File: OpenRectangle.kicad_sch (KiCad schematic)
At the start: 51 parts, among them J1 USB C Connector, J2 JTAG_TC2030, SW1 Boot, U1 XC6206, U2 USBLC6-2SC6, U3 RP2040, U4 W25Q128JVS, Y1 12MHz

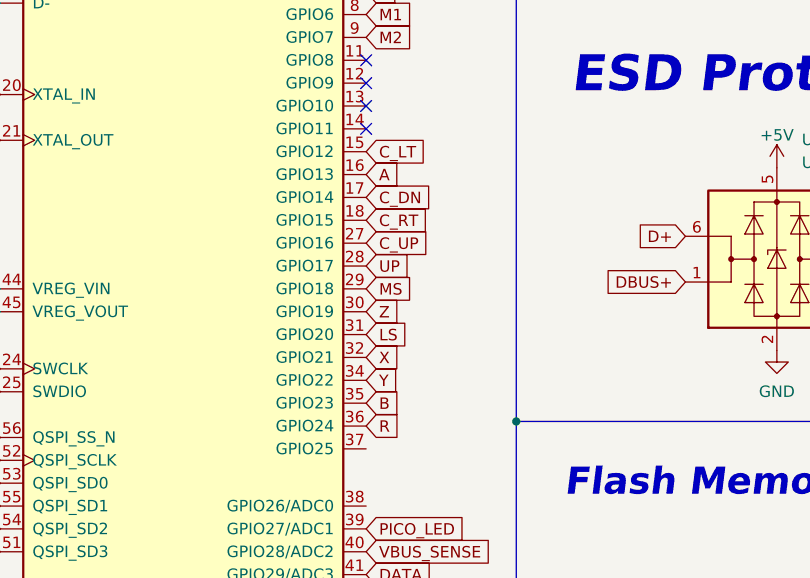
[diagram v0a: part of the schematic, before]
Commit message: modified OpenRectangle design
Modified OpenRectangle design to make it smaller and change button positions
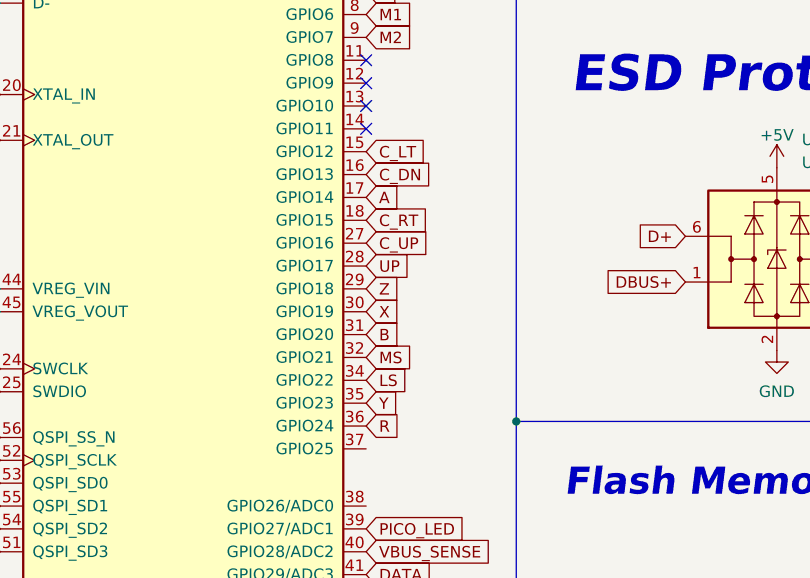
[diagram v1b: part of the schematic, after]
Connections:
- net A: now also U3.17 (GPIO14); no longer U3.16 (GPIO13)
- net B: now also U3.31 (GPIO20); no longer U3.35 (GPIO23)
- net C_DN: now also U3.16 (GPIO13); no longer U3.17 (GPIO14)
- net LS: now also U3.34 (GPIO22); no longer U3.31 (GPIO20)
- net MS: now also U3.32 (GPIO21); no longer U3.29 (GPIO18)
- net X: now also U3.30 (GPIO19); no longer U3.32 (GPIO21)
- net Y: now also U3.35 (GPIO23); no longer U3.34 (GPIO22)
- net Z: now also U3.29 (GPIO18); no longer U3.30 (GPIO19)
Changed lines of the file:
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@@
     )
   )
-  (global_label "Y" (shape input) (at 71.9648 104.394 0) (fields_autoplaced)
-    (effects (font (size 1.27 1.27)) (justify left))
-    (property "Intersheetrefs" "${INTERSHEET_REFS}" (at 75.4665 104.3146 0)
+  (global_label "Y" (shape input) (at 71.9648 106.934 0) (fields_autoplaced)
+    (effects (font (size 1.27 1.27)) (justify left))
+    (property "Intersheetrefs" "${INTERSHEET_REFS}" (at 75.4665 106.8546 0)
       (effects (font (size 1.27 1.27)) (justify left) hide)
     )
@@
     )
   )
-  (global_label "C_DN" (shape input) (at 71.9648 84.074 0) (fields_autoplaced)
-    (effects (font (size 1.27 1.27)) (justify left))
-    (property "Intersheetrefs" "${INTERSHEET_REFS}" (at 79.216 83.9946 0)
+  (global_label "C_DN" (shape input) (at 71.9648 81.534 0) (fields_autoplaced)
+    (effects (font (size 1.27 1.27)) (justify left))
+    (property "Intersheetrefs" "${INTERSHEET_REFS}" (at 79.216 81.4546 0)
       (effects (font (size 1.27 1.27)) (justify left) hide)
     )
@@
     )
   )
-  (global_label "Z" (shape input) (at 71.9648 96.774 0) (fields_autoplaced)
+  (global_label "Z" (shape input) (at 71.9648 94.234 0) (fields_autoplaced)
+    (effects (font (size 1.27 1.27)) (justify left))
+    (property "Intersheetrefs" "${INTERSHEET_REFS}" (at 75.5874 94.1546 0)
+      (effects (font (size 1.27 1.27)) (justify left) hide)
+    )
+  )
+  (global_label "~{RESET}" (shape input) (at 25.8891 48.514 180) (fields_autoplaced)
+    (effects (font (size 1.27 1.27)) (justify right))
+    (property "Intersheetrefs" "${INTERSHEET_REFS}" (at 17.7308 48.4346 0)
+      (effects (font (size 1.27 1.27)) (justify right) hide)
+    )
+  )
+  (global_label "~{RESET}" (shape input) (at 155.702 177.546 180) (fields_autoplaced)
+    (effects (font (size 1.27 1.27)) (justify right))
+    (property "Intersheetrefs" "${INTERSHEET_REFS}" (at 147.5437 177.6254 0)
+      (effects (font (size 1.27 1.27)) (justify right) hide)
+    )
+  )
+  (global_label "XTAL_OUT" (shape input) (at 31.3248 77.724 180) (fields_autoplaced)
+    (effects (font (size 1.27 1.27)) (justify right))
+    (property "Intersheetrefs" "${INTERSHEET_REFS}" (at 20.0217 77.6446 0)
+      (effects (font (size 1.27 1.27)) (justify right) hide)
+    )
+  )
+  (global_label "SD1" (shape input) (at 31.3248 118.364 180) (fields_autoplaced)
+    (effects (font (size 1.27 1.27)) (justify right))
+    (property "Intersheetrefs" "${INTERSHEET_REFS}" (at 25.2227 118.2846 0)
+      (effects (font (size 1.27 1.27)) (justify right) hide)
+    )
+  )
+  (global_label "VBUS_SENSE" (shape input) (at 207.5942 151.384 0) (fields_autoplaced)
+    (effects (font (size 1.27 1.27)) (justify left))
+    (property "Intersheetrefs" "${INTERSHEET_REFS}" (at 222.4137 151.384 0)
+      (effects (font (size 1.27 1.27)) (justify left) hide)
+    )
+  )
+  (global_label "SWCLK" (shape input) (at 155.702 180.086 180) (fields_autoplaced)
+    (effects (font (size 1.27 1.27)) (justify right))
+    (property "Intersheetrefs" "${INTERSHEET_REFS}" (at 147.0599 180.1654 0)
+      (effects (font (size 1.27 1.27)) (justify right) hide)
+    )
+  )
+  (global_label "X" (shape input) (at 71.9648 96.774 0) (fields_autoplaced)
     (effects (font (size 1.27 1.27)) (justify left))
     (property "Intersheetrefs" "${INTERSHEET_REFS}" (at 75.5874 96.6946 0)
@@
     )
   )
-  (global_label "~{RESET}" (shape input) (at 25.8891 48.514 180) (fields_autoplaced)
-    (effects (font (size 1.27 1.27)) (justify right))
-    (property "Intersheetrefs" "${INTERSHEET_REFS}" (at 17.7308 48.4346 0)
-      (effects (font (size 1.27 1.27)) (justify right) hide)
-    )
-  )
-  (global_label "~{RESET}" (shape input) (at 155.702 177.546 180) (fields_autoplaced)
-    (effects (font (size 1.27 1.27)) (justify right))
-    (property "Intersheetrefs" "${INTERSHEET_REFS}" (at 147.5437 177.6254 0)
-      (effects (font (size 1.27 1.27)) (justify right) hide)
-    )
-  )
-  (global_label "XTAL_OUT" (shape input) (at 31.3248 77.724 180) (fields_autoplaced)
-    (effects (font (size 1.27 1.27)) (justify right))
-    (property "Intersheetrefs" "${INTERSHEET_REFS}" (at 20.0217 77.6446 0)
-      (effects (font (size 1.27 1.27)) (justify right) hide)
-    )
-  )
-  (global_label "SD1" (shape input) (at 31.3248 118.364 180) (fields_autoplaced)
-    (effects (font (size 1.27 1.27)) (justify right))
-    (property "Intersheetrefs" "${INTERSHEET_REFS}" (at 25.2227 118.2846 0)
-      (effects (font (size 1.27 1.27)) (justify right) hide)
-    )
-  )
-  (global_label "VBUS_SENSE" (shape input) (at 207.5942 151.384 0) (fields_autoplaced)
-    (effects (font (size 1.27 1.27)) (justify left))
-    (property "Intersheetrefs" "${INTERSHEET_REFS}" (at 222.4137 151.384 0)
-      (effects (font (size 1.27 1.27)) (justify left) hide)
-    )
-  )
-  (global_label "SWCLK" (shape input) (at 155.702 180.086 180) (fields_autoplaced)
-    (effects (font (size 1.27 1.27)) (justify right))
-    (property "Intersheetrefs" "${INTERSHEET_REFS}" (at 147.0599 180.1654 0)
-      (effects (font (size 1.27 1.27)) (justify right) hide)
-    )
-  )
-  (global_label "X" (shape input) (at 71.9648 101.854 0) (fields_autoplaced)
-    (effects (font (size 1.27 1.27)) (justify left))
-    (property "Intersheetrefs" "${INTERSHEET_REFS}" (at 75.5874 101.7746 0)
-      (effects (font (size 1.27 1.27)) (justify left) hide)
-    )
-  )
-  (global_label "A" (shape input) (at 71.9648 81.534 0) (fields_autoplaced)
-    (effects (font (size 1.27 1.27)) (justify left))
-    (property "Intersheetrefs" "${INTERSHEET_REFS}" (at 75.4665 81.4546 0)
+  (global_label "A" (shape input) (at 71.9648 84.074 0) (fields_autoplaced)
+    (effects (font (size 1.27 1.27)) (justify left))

.....

Give the number of lines in the records above in which the word "schematic" appears. Include no other text.

* **Task result**
3